Exercise description | Two lines mark the range in the entries below: the one holding "#84=EDGE_LOOP('',(#83));" and the one holding "#93=EDGE_LOOP('',(#92));". Set down those two and all lines between them, exactly.

[Data entries]

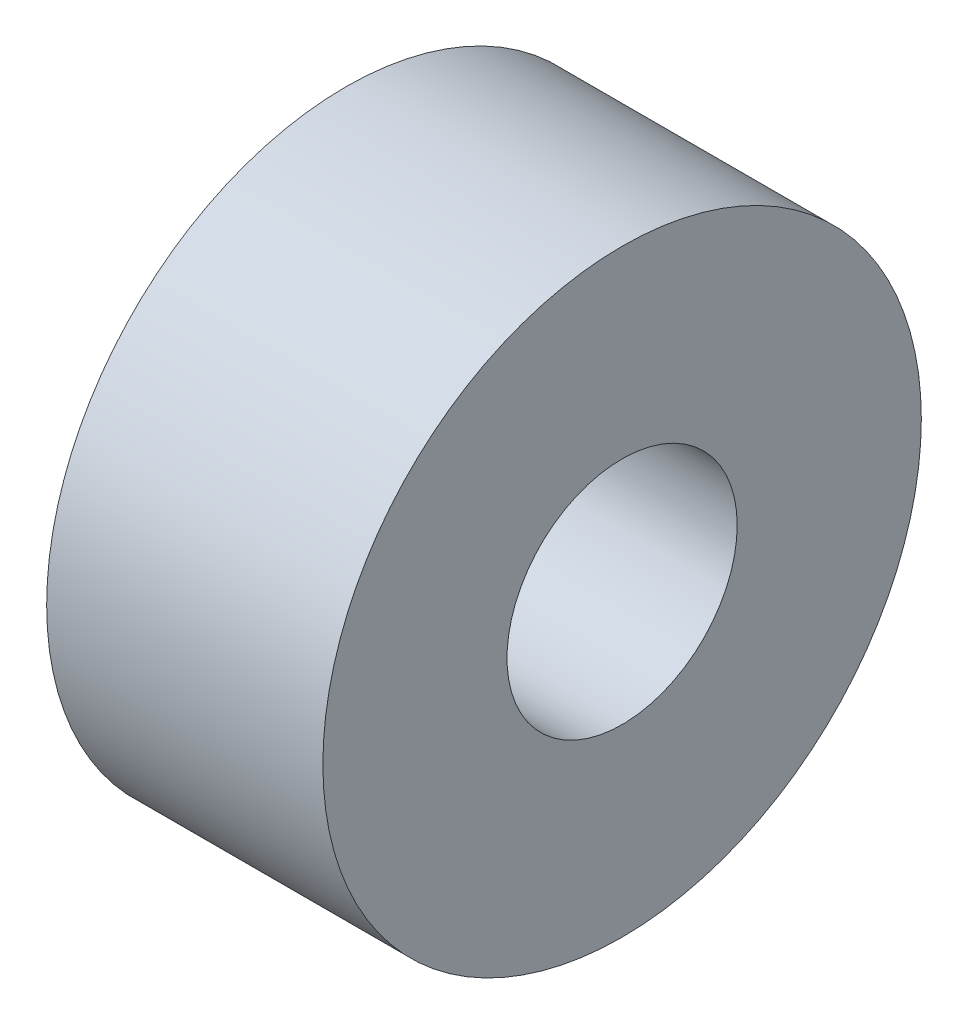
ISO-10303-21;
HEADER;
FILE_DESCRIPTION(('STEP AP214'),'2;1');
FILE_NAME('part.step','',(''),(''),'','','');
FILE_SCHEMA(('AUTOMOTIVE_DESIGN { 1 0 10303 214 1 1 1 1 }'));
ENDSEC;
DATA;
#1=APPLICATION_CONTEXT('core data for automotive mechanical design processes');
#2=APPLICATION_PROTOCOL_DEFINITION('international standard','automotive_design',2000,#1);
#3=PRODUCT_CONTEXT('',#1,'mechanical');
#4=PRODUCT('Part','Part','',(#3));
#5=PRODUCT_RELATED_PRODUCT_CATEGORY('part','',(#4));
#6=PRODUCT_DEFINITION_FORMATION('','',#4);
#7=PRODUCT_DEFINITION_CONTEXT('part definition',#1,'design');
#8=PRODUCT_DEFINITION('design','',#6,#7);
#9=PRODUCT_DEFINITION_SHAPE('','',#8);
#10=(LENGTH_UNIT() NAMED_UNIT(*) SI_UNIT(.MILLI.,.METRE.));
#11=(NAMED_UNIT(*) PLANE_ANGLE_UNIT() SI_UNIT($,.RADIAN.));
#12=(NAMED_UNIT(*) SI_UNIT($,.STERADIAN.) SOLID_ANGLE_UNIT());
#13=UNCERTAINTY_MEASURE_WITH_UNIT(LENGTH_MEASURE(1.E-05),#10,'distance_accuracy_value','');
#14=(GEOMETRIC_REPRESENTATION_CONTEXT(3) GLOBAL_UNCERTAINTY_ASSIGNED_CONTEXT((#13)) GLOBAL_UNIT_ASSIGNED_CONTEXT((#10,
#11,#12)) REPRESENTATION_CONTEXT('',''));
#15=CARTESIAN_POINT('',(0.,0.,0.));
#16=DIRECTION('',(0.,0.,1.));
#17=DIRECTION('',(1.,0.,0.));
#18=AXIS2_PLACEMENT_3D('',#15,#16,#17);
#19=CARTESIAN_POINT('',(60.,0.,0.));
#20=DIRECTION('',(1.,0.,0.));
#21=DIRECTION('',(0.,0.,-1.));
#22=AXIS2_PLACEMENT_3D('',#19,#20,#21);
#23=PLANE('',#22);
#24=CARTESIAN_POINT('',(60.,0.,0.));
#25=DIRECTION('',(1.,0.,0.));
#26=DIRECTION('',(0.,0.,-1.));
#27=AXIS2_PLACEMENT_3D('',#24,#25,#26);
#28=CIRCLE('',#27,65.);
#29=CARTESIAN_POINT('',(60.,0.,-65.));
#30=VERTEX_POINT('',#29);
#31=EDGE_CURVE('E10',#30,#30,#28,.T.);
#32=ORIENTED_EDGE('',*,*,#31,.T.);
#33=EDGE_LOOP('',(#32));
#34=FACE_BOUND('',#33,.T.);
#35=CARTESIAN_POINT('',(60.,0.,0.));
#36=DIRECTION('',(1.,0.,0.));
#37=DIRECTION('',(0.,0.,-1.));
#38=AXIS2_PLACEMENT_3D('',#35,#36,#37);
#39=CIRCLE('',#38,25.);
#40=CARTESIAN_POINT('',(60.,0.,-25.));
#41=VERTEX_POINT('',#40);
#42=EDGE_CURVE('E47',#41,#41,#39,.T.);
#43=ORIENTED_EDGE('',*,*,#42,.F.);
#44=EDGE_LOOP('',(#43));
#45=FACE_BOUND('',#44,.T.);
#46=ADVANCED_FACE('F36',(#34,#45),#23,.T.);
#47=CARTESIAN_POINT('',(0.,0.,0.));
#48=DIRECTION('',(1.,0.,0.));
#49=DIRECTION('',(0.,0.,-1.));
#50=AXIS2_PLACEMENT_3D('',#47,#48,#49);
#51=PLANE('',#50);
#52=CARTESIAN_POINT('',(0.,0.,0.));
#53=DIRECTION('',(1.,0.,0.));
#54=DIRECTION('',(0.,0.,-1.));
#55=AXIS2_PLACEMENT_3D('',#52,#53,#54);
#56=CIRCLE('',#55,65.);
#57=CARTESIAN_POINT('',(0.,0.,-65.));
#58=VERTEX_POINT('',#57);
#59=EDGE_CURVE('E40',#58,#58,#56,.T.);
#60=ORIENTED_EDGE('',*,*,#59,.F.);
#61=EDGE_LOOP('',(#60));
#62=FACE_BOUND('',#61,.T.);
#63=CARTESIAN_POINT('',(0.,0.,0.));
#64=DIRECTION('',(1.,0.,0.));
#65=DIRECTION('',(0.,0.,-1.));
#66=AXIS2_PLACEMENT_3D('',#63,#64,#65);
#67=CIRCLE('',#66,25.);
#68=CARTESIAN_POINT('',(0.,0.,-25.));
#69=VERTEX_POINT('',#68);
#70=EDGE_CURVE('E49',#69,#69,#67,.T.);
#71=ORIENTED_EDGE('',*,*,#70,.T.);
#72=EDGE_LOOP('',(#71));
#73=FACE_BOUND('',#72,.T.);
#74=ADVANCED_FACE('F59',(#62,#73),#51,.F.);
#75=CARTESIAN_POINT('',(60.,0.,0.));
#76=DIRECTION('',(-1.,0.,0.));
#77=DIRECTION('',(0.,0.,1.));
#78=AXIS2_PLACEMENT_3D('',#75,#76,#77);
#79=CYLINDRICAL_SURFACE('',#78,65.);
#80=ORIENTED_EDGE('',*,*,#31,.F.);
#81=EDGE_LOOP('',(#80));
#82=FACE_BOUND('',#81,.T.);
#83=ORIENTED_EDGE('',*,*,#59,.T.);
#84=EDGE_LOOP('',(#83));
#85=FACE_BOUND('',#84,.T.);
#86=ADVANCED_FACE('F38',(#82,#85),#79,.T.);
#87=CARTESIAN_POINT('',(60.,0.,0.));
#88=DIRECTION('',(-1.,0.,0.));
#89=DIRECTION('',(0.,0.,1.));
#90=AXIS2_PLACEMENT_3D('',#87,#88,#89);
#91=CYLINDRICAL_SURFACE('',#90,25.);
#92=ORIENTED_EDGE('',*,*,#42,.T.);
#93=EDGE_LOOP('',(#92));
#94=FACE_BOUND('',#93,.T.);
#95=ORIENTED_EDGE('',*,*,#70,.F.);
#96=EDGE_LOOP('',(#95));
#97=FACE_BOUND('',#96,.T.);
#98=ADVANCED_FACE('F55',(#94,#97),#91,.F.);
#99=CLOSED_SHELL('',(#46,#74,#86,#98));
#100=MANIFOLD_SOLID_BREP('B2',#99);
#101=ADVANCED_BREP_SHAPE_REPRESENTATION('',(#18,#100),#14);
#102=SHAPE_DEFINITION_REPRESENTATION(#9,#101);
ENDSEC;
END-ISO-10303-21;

Solution to this exercise |
#84=EDGE_LOOP('',(#83));
#85=FACE_BOUND('',#84,.T.);
#86=ADVANCED_FACE('F38',(#82,#85),#79,.T.);
#87=CARTESIAN_POINT('',(60.,0.,0.));
#88=DIRECTION('',(-1.,0.,0.));
#89=DIRECTION('',(0.,0.,1.));
#90=AXIS2_PLACEMENT_3D('',#87,#88,#89);
#91=CYLINDRICAL_SURFACE('',#90,25.);
#92=ORIENTED_EDGE('',*,*,#42,.T.);
#93=EDGE_LOOP('',(#92));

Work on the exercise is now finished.